→ **ACTIVITY**:
Please copy each line of the records below that includes the word "footprints".

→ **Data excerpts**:
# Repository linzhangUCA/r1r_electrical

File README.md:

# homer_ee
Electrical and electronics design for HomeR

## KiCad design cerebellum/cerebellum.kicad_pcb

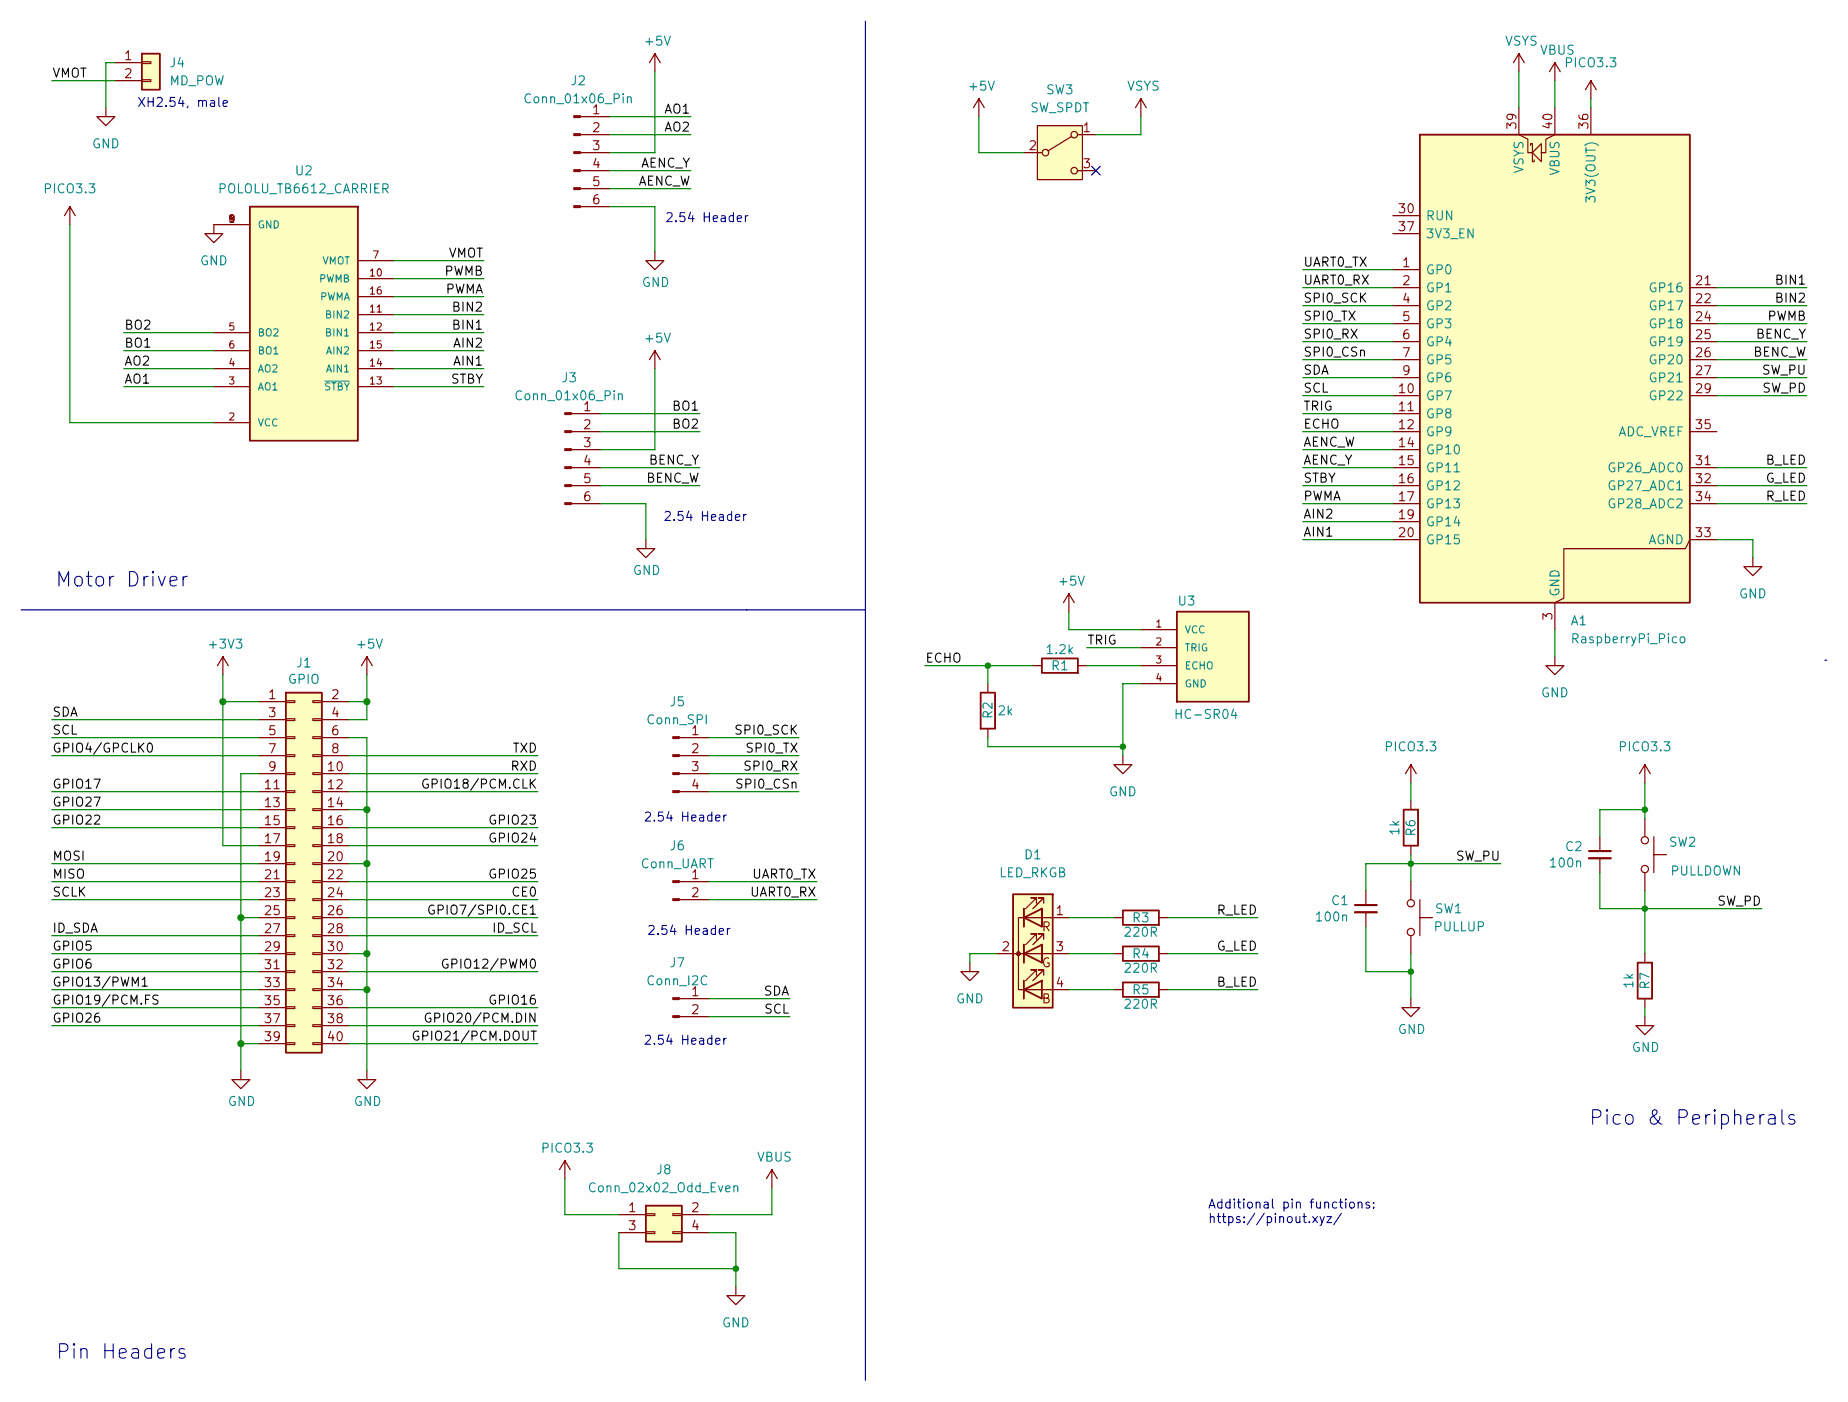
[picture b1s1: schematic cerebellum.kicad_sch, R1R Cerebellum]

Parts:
A1: RaspberryPi_Pico; RaspberryPi_Pico_Common_THT
C1, C2: 100n; C_Disc_D4.7mm_W2.5mm_P5.00mm
D1: LED_RKGB; LED_D5.0mm-4_RGB_Wide_Pins
J1: GPIO; PinSocket_2x20_P2.54mm_Vertical
J2, J3: Conn_01x06_Pin; PinHeader_1x06_P2.54mm_Vertical
J4: MD_POW; PinHeader_1x02_P2.54mm_Horizontal
J5: Conn_SPI; PinHeader_1x04_P2.54mm_Vertical
J6: Conn_UART; PinHeader_1x02_P2.54mm_Vertical
J7: Conn_I2C; PinHeader_1x02_P2.54mm_Vertical
J8: Conn_02x02_Odd_Even; PinHeader_2x02_P2.54mm_Vertical
R1: 1.2k; R_Axial_DIN0207_L6.3mm_D2.5mm_P10.16mm_Horizontal
R2: 2k; R_Axial_DIN0207_L6.3mm_D2.5mm_P10.16mm_Horizontal
R3, R4, R5: 220R; R_Axial_DIN0207_L6.3mm_D2.5mm_P10.16mm_Horizontal
R6, R7: 1k; R_Axial_DIN0207_L6.3mm_D2.5mm_P10.16mm_Horizontal
SW1: PULLUP; SW_PUSH_6mm_H5mm
SW2: PULLDOWN; SW_PUSH_6mm_H5mm
SW3: SW_SPDT; PinHeader_1x03_P2.54mm_Vertical
U2: POLOLU_TB6612_CARRIER; POLOLU_TB6612
U3: HC-SR04; XCVR_HC-SR04

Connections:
+3V3: J1.1, J1.17
+5V: J1.2, J1.4, J2.3, J3.3, SW3.2 (B), U3.1 (VCC)
/AENC_W: A1.14 (GP10), J2.5
/AENC_Y: A1.15 (GP11), J2.4
/AIN1: A1.20 (GP15), U2.14 (AIN1)
/AIN2: A1.19 (GP14), U2.15 (AIN2)
/AO1: J2.1, U2.3 (AO1)
/AO2: J2.2, U2.4 (AO2)
/BENC_W: A1.26 (GP20), J3.5
/BENC_Y: A1.25 (GP19), J3.4
/BIN1: A1.21 (GP16), U2.12 (BIN1)
/BIN2: A1.22 (GP17), U2.11 (BIN2)
/BO1: J3.1, U2.6 (BO1)
/BO2: J3.2, U2.5 (BO2)
/B_LED: A1.31 (GP26_ADC0), R5.2
/CE0: J1.24
/ECHO: A1.12 (GP9), R1.1, R2.1
/GPIO4/GPCLK0: J1.7
/GPIO5: J1.29
/GPIO6: J1.31
/GPIO7/SPI0.CE1: J1.26
/GPIO12/PWM0: J1.32
/GPIO13/PWM1: J1.33
/GPIO16: J1.36
/GPIO17: J1.11
/GPIO18/PCM.CLK: J1.12
/GPIO19/PCM.FS: J1.35
/GPIO20/PCM.DIN: J1.38
/GPIO21/PCM.DOUT: J1.40
/GPIO22: J1.15
/GPIO23: J1.16
/GPIO24: J1.18
/GPIO25: J1.22
/GPIO26: J1.37
/GPIO27: J1.13
/G_LED: A1.32 (GP27_ADC1), R4.2
/ID_SCL: J1.28
/ID_SDA: J1.27
/MISO: J1.21
/MOSI: J1.19
/PWMA: A1.17 (GP13), U2.16 (PWMA)
/PWMB: A1.24 (GP18), U2.10 (PWMB)
/RXD: J1.10
/R_LED: A1.34 (GP28_ADC2), R3.2
/SCL: A1.10 (GP7), J1.5, J7.2
/SCLK: J1.23
/SDA: A1.9 (GP6), J1.3, J7.1
/SPI0_CSn: A1.7 (GP5), J5.4
/SPI0_RX: A1.6 (GP4), J5.3
/SPI0_SCK: A1.4 (GP2), J5.1
/SPI0_TX: A1.5 (GP3), J5.2
/STBY: A1.16 (GP12), U2.13 (~STBY)
/SW_PD: A1.29 (GP22), C2.2, R7.2, SW2.2
/SW_PU: A1.27 (GP21), C1.1, R6.1, SW1.1
/TRIG: A1.11 (GP8), U3.2 (TRIG)
/TXD: J1.8
/UART0_RX: A1.2 (GP1), J6.2
/UART0_TX: A1.1 (GP0), J6.1
/VMOT: J4.2, U2.7 (VMOT)
GND: A1.3 (GND), A1.8 (GND), A1.13 (GND), A1.18 (GND), A1.23 (GND), A1.28 (GND), A1.33 (AGND), A1.38 (GND), C1.2, D1.2 (K), J1.6, J1.9, J1.14, J1.20, J1.25, J1.30, J1.34, J1.39, J2.6, J3.6, J4.1, J8.3, J8.4, R2.2, R7.1, SW1.2, U2.1 (GND), U2.8 (GND), U2.9 (GND), U3.4 (GND)
unnamed: D1.4 (BA), R5.1
unnamed: D1.3 (GA), R4.1
unnamed: D1.1 (RA), R3.1
unnamed: R1.2, U3.3 (ECHO)
PICO3.3: A1.36 (3V3(OUT)), C2.1, J8.1, R6.2, SW2.1, U2.2 (VCC)
VBUS: A1.40 (VBUS), J8.2
VSYS: A1.39 (VSYS), SW3.1 (A)

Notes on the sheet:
2.54 Header
Pin Headers
Additional pin functions: https://pinout.xyz/
Pico & Peripherals
Motor Driver
XH2.54, male

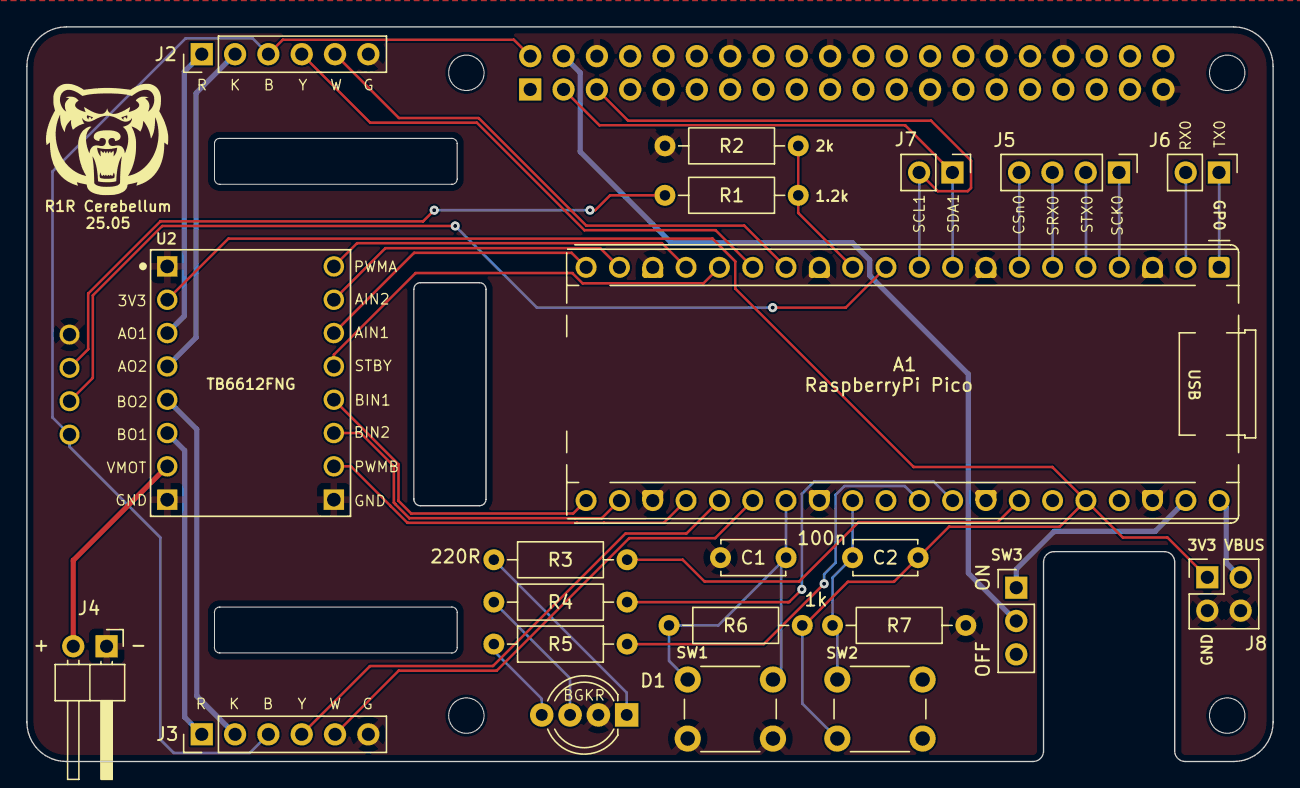
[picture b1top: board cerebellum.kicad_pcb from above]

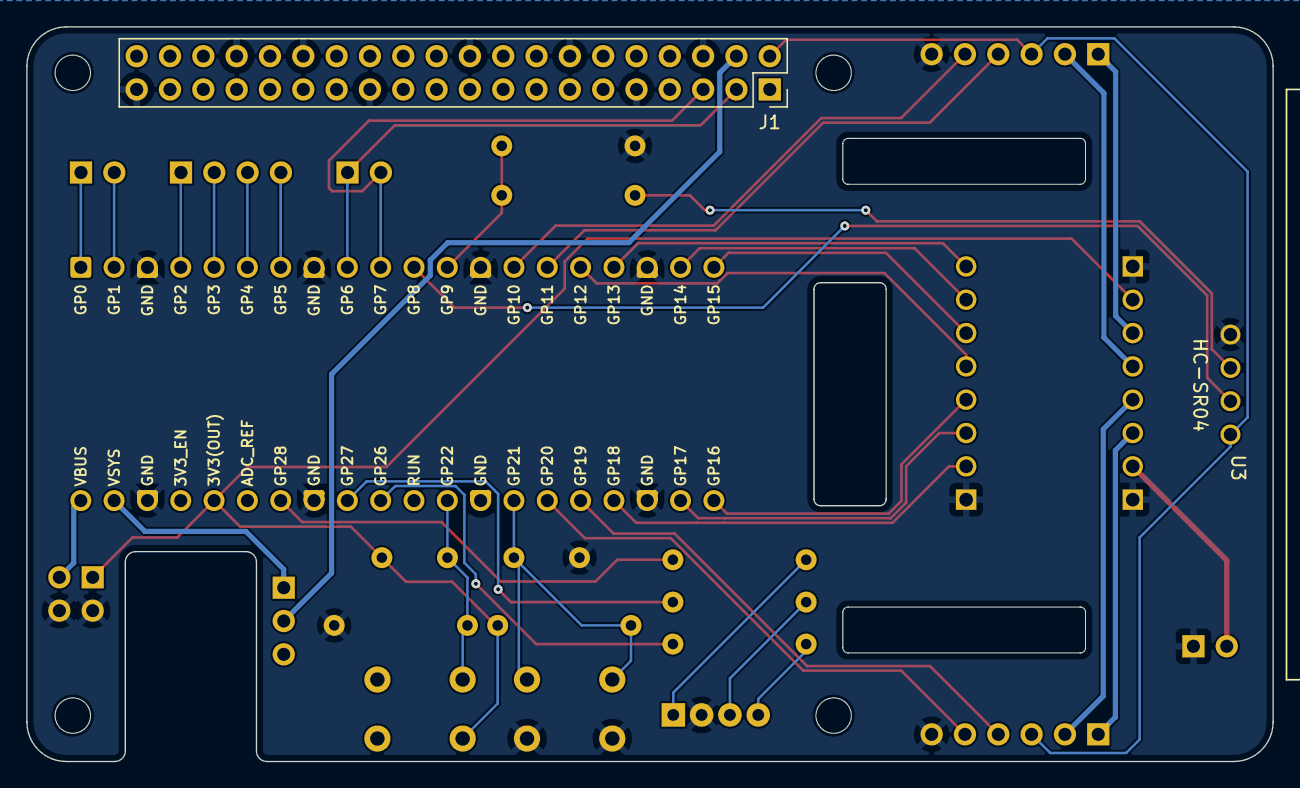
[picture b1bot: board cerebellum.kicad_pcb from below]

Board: 4 copper layers, 95.0 x 56.0 mm, 28 parts (2 on the bottom side), 41 nets.

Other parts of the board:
MH1, MH2, MH3, MH4: MountingHole_2.7mm_M2.5

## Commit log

2025-04-17 init homer cerebellum project
2025-04-17 add lib for pololu tb6612
2025-04-17 update local libs
2025-04-17 update design
2025-04-17 label comm pins
2025-04-18 update schematic
    assign labels to pico
2025-04-18 update schematic
    added HC-SR04
2025-04-18 update schematic
    added RGB LED
2025-04-18 update schematic
    added pull-up and pull-down switches
2025-04-18 update schematic
    added spdt switch to power pico
2025-04-18 update schematic
    added motor connectors
2025-04-18 update schematic
    updated scheme info
2025-04-18 update schematic
    added uart and spi conns
2025-04-18 update design
    added instructions for connectors
2025-04-18 update schematic
    add VBUS and I2C header pins
2025-04-18 update date
2025-04-18 update schematic and pcb
    assigned footprints
2025-04-19 update pico footprint
2025-04-19 update pcb
2025-04-19 update pcb
    cut camera slot
2025-04-19 update pcb
    enlarge board
2025-04-19 update md wiring
    split motor a and b to two sides
2025-04-23 update schematic
    debounce switches
2025-04-23 update pcb
    use pcbway template
2025-04-23 update design
    wire up
2025-04-24 update pcb
    add labels
2025-04-24 generate gerbers
2025-04-24 save pcb
2025-04-25 remove eeprom from schematic
2025-04-25 update footprints
2025-04-26 adjust layout
2025-04-26 update layout
2025-04-27 update wiring
2025-05-21 organize schematic
2025-05-21 update motor connector in schematic
2025-05-21 update symbol and footprint
2025-05-21 update resistors and capacitors footprint to tht
2025-05-21 update pcb layout
2025-05-21 update pcb wiring
2025-05-21 export pcb step
2025-05-22 drill two rectangle holes on pcb for motor wiring
2025-05-22 update pico power outlet pins footprint
2025-05-22 export updated pcb model
2025-05-22 save schematic change, minor
2025-05-23 fix pcb
2025-05-23 export fixed pcb
2025-05-24 generate new gerbers for pcbway
2025-05-24 save project
2025-05-24 generate gerbers for jlcpcb
2025-05-24 remove old gerbers

→ **YOUR RESPONSE**:
    assigned footprints
2025-04-25 update footprints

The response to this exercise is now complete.